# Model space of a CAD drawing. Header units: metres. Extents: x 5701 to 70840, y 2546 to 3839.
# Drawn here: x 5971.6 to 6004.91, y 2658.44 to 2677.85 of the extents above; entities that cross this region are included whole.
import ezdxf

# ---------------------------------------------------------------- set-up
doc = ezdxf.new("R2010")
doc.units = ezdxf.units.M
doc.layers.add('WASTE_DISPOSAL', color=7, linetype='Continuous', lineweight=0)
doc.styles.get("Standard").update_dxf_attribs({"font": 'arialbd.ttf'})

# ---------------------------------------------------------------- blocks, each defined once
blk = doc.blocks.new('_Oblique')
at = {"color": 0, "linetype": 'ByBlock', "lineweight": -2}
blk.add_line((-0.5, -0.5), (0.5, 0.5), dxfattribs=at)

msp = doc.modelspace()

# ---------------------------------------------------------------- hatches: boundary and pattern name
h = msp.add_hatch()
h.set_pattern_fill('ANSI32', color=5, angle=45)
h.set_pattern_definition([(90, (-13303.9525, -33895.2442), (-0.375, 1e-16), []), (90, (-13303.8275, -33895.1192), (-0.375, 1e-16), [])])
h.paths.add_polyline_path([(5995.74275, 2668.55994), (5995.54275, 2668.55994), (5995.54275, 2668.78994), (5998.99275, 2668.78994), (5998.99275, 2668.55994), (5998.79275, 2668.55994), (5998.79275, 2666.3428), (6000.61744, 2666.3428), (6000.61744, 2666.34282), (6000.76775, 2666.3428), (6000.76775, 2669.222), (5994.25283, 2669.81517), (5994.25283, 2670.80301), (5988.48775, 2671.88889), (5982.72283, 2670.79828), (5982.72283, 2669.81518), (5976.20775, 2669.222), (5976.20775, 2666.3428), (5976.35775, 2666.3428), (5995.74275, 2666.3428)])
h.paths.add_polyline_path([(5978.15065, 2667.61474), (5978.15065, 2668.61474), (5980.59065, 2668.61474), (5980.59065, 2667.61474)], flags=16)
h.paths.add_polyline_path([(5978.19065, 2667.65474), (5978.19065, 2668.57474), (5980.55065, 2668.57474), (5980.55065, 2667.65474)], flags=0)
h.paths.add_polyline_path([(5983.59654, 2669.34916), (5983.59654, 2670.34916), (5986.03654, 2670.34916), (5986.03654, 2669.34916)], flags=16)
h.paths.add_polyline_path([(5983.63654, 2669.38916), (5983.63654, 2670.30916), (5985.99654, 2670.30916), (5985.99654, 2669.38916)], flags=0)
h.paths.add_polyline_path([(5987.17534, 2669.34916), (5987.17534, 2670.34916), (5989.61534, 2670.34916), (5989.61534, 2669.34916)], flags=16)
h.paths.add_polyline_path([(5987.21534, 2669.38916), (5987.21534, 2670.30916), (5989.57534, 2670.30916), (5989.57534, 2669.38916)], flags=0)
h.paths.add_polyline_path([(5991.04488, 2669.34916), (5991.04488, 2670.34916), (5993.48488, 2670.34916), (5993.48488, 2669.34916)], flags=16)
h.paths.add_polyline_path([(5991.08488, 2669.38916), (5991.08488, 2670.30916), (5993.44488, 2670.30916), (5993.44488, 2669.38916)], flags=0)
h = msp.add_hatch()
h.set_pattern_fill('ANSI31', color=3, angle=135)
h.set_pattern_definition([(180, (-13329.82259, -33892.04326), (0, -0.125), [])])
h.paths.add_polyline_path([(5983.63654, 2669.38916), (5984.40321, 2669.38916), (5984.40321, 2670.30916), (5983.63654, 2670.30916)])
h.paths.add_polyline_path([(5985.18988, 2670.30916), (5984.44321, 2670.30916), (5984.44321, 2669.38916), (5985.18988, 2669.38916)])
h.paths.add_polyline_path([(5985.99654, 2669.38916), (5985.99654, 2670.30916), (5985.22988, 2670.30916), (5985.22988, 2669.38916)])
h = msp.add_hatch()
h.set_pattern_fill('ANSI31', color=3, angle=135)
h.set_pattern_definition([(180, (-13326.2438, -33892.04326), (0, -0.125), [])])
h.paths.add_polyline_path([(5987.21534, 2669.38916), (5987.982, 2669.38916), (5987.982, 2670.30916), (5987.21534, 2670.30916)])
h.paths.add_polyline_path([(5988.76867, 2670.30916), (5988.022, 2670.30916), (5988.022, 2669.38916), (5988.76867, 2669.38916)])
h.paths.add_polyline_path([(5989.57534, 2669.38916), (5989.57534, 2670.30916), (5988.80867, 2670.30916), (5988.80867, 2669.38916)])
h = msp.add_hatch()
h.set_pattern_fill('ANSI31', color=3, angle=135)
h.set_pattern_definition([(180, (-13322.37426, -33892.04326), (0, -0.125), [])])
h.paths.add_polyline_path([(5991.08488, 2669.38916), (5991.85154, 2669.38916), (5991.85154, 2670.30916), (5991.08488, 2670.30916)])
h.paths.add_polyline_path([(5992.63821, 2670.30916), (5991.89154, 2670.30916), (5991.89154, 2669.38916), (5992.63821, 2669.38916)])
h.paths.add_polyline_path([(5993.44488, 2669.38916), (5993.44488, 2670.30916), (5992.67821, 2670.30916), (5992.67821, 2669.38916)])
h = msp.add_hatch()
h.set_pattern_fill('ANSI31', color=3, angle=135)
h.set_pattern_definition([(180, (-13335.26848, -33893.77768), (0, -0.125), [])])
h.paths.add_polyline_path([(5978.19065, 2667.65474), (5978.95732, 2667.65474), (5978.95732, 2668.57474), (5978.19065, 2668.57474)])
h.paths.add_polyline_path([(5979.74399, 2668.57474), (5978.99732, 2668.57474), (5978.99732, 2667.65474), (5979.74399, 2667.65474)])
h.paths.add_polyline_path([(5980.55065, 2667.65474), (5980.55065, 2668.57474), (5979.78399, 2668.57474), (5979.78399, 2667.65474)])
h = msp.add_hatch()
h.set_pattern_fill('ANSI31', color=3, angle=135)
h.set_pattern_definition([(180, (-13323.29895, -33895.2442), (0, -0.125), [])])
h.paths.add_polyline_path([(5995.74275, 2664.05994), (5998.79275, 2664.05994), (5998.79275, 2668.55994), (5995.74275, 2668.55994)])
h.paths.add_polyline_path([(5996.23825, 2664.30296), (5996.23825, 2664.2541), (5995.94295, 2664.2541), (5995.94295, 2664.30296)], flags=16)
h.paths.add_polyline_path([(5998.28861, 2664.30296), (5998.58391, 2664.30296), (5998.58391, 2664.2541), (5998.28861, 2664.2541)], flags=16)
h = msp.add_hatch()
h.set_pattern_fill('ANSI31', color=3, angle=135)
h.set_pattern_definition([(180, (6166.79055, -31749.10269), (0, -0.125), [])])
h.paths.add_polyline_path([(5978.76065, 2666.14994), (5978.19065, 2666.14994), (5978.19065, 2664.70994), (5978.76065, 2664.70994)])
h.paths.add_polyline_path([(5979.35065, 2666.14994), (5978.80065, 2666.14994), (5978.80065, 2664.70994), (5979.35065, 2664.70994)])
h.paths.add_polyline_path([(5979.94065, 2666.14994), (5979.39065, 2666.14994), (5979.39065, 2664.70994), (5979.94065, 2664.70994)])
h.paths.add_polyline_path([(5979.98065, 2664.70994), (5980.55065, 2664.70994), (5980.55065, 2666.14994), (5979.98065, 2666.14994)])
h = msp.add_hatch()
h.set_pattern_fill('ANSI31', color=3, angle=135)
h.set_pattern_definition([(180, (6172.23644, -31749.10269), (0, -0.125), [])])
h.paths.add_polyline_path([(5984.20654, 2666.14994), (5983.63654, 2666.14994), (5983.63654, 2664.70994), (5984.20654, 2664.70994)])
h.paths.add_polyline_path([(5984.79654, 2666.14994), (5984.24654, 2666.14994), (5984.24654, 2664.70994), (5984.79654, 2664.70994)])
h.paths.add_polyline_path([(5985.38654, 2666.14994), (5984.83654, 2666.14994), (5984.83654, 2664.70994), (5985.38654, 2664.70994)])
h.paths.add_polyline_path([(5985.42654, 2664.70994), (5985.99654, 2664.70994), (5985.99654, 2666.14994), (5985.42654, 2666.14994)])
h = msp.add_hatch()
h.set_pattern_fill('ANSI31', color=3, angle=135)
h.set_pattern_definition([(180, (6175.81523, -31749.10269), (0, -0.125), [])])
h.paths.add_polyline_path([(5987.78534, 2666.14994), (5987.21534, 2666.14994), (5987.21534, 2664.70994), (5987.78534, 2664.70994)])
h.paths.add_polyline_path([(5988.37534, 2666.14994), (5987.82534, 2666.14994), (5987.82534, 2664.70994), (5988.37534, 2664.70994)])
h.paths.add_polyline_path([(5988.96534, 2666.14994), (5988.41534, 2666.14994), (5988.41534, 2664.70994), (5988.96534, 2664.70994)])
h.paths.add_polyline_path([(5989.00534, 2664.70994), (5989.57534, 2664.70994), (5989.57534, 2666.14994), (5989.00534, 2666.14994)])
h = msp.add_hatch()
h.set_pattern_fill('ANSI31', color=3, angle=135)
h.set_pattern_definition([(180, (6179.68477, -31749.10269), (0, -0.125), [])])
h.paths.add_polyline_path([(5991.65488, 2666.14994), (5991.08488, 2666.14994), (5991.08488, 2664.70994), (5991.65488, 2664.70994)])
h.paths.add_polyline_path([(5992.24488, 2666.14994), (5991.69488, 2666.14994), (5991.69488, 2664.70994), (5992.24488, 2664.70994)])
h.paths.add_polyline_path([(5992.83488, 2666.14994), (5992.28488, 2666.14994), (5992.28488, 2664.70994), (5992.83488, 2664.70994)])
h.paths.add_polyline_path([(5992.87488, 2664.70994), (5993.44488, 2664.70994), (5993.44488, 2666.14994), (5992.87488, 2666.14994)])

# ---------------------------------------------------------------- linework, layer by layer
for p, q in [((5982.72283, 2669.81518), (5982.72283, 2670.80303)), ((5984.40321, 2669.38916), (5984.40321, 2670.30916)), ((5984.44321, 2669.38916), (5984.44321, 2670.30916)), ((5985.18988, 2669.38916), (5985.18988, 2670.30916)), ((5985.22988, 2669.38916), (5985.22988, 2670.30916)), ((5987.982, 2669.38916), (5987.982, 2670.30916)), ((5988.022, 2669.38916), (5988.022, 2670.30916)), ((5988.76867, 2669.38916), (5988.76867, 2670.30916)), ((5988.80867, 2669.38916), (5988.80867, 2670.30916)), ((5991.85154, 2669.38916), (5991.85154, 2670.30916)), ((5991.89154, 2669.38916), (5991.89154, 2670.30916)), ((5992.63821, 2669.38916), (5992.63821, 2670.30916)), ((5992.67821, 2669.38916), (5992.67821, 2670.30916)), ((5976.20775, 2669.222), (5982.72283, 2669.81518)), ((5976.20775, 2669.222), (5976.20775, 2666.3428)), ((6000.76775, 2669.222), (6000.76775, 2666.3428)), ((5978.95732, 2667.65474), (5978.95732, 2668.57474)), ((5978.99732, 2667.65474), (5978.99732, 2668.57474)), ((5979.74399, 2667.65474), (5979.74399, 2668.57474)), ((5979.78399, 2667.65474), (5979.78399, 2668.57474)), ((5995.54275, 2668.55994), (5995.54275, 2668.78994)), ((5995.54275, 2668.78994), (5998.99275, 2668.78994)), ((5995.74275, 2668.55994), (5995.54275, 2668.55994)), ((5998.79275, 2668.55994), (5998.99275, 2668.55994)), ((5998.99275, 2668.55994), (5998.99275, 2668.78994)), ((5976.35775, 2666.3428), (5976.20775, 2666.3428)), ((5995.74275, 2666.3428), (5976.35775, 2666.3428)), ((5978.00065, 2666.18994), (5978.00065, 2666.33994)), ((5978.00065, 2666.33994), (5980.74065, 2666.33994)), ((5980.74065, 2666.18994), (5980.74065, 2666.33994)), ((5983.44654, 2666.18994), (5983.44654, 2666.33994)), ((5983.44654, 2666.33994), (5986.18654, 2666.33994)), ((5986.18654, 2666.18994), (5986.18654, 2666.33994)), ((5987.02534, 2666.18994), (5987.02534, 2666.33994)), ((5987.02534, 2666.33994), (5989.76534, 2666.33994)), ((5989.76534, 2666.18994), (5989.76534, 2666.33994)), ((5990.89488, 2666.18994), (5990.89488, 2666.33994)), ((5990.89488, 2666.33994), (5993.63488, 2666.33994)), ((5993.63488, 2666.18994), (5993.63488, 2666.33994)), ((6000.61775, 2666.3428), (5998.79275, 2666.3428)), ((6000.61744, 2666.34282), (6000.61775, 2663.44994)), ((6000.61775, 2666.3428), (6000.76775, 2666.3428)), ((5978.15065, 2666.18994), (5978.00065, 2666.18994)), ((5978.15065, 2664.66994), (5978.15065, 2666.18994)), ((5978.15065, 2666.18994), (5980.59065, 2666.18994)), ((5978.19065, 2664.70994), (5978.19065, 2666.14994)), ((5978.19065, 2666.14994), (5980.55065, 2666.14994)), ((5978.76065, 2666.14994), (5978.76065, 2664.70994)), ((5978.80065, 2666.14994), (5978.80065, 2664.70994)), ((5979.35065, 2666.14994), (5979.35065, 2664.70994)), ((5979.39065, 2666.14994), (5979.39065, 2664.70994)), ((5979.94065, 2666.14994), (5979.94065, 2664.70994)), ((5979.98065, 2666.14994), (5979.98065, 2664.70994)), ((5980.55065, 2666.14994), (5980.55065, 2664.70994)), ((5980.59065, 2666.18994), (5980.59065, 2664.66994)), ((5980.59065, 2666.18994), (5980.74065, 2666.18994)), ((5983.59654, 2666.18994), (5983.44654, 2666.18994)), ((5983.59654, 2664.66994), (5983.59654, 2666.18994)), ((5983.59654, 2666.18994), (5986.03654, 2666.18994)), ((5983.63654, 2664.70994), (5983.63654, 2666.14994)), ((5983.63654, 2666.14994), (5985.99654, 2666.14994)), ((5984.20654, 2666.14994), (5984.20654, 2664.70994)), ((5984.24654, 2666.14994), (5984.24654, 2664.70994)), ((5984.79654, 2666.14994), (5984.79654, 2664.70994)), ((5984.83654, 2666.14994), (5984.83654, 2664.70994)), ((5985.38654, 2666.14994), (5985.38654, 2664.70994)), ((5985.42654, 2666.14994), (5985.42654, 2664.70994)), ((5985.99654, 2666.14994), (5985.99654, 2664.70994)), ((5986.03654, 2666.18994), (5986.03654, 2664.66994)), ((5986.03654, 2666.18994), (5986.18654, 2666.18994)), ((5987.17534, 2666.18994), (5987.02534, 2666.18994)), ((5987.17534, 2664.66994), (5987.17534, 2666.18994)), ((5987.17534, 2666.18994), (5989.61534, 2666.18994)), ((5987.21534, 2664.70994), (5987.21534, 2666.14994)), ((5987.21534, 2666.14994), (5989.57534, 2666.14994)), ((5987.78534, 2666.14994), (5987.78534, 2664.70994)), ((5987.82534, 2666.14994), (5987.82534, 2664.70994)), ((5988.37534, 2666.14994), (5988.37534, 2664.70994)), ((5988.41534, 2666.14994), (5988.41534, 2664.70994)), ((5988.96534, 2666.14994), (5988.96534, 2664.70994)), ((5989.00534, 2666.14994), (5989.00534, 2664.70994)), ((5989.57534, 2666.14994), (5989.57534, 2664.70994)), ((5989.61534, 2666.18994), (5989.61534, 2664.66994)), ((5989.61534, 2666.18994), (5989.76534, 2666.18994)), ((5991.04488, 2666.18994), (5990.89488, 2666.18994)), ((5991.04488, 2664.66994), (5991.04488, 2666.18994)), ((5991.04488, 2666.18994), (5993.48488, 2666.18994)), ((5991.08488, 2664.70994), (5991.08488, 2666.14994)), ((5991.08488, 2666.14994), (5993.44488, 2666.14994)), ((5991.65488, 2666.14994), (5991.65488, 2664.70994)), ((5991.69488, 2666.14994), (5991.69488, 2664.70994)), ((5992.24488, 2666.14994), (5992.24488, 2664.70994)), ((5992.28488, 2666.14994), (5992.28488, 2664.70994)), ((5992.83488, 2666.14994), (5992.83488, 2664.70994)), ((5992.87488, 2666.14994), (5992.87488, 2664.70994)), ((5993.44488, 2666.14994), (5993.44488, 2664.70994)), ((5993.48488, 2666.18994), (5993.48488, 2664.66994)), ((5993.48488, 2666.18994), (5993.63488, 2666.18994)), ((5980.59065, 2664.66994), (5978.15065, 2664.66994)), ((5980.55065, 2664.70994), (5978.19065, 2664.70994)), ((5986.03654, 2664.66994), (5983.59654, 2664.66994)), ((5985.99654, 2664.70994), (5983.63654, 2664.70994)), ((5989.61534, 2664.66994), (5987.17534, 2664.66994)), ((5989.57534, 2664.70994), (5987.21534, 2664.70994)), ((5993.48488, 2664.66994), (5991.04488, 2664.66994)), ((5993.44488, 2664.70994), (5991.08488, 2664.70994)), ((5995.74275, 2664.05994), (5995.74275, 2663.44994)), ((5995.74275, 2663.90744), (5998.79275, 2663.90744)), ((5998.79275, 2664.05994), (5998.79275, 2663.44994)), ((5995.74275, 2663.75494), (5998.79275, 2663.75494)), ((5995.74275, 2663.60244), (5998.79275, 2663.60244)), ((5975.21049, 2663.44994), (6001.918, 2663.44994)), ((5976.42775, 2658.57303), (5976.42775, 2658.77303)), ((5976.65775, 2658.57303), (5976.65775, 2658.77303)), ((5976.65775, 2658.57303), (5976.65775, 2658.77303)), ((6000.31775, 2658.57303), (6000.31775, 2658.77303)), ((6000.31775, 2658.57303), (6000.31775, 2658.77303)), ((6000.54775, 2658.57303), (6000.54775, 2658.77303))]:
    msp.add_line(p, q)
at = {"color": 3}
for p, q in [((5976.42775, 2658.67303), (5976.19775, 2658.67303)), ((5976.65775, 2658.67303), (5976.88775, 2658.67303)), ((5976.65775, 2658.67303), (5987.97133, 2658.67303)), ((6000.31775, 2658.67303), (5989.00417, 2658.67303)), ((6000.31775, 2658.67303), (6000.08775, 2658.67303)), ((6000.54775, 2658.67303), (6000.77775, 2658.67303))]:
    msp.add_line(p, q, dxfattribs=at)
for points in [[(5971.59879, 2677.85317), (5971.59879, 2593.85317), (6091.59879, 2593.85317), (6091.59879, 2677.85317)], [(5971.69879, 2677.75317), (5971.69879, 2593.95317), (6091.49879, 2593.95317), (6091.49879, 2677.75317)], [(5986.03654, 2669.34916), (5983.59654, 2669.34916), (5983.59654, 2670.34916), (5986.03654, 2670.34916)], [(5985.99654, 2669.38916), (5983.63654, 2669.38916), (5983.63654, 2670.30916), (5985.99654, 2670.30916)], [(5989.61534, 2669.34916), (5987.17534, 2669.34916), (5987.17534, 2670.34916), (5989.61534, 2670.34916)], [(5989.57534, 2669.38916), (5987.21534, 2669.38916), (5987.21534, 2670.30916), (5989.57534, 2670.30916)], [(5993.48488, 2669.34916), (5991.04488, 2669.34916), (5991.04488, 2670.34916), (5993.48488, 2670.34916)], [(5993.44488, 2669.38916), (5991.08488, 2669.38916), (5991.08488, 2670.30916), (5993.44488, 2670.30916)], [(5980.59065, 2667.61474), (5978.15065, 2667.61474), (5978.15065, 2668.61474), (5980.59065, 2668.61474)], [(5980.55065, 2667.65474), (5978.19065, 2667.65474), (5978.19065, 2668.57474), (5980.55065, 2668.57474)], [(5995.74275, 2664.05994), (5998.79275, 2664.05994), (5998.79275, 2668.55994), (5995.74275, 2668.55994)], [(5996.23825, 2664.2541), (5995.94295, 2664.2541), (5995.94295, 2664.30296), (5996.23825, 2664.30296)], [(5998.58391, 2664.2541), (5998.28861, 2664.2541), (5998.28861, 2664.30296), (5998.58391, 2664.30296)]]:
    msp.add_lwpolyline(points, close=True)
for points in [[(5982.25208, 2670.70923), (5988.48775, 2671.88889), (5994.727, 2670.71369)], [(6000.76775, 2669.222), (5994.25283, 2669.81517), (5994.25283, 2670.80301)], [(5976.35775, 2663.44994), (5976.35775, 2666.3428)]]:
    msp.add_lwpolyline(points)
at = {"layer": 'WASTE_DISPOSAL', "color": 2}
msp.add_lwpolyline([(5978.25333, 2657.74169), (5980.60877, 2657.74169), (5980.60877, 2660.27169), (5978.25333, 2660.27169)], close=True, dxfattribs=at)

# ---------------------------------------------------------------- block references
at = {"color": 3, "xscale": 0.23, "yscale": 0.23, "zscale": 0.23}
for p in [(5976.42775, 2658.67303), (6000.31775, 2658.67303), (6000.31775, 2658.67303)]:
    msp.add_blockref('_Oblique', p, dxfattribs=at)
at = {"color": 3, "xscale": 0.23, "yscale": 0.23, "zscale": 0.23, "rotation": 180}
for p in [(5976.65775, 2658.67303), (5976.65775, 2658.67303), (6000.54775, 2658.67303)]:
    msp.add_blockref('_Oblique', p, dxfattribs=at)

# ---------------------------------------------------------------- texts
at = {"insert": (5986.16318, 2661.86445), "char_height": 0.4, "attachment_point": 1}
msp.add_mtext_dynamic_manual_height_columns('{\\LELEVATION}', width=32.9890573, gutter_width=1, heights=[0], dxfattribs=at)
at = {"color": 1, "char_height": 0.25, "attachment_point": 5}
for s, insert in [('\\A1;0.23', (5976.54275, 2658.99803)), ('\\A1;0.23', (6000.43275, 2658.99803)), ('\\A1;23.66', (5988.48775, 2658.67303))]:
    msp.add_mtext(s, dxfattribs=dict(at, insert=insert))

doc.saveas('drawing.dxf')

◆ ◆ ◆ ◆ ◆

## The task
Lines from the beginning of the data above through the line containing "(5989.61534, 2669.34916)], flags=16)" are to be returned exactly, and no others.

## Your solution
# Model space of a CAD drawing. Header units: metres. Extents: x 5701 to 70840, y 2546 to 3839.
# Drawn here: x 5971.6 to 6004.91, y 2658.44 to 2677.85 of the extents above; entities that cross this region are included whole.
import ezdxf

# ---------------------------------------------------------------- set-up
doc = ezdxf.new("R2010")
doc.units = ezdxf.units.M
doc.layers.add('WASTE_DISPOSAL', color=7, linetype='Continuous', lineweight=0)
doc.styles.get("Standard").update_dxf_attribs({"font": 'arialbd.ttf'})

# ---------------------------------------------------------------- blocks, each defined once
blk = doc.blocks.new('_Oblique')
at = {"color": 0, "linetype": 'ByBlock', "lineweight": -2}
blk.add_line((-0.5, -0.5), (0.5, 0.5), dxfattribs=at)

msp = doc.modelspace()

# ---------------------------------------------------------------- hatches: boundary and pattern name
h = msp.add_hatch()
h.set_pattern_fill('ANSI32', color=5, angle=45)
h.set_pattern_definition([(90, (-13303.9525, -33895.2442), (-0.375, 1e-16), []), (90, (-13303.8275, -33895.1192), (-0.375, 1e-16), [])])
h.paths.add_polyline_path([(5995.74275, 2668.55994), (5995.54275, 2668.55994), (5995.54275, 2668.78994), (5998.99275, 2668.78994), (5998.99275, 2668.55994), (5998.79275, 2668.55994), (5998.79275, 2666.3428), (6000.61744, 2666.3428), (6000.61744, 2666.34282), (6000.76775, 2666.3428), (6000.76775, 2669.222), (5994.25283, 2669.81517), (5994.25283, 2670.80301), (5988.48775, 2671.88889), (5982.72283, 2670.79828), (5982.72283, 2669.81518), (5976.20775, 2669.222), (5976.20775, 2666.3428), (5976.35775, 2666.3428), (5995.74275, 2666.3428)])
h.paths.add_polyline_path([(5978.15065, 2667.61474), (5978.15065, 2668.61474), (5980.59065, 2668.61474), (5980.59065, 2667.61474)], flags=16)
h.paths.add_polyline_path([(5978.19065, 2667.65474), (5978.19065, 2668.57474), (5980.55065, 2668.57474), (5980.55065, 2667.65474)], flags=0)
h.paths.add_polyline_path([(5983.59654, 2669.34916), (5983.59654, 2670.34916), (5986.03654, 2670.34916), (5986.03654, 2669.34916)], flags=16)
h.paths.add_polyline_path([(5983.63654, 2669.38916), (5983.63654, 2670.30916), (5985.99654, 2670.30916), (5985.99654, 2669.38916)], flags=0)
h.paths.add_polyline_path([(5987.17534, 2669.34916), (5987.17534, 2670.34916), (5989.61534, 2670.34916), (5989.61534, 2669.34916)], flags=16)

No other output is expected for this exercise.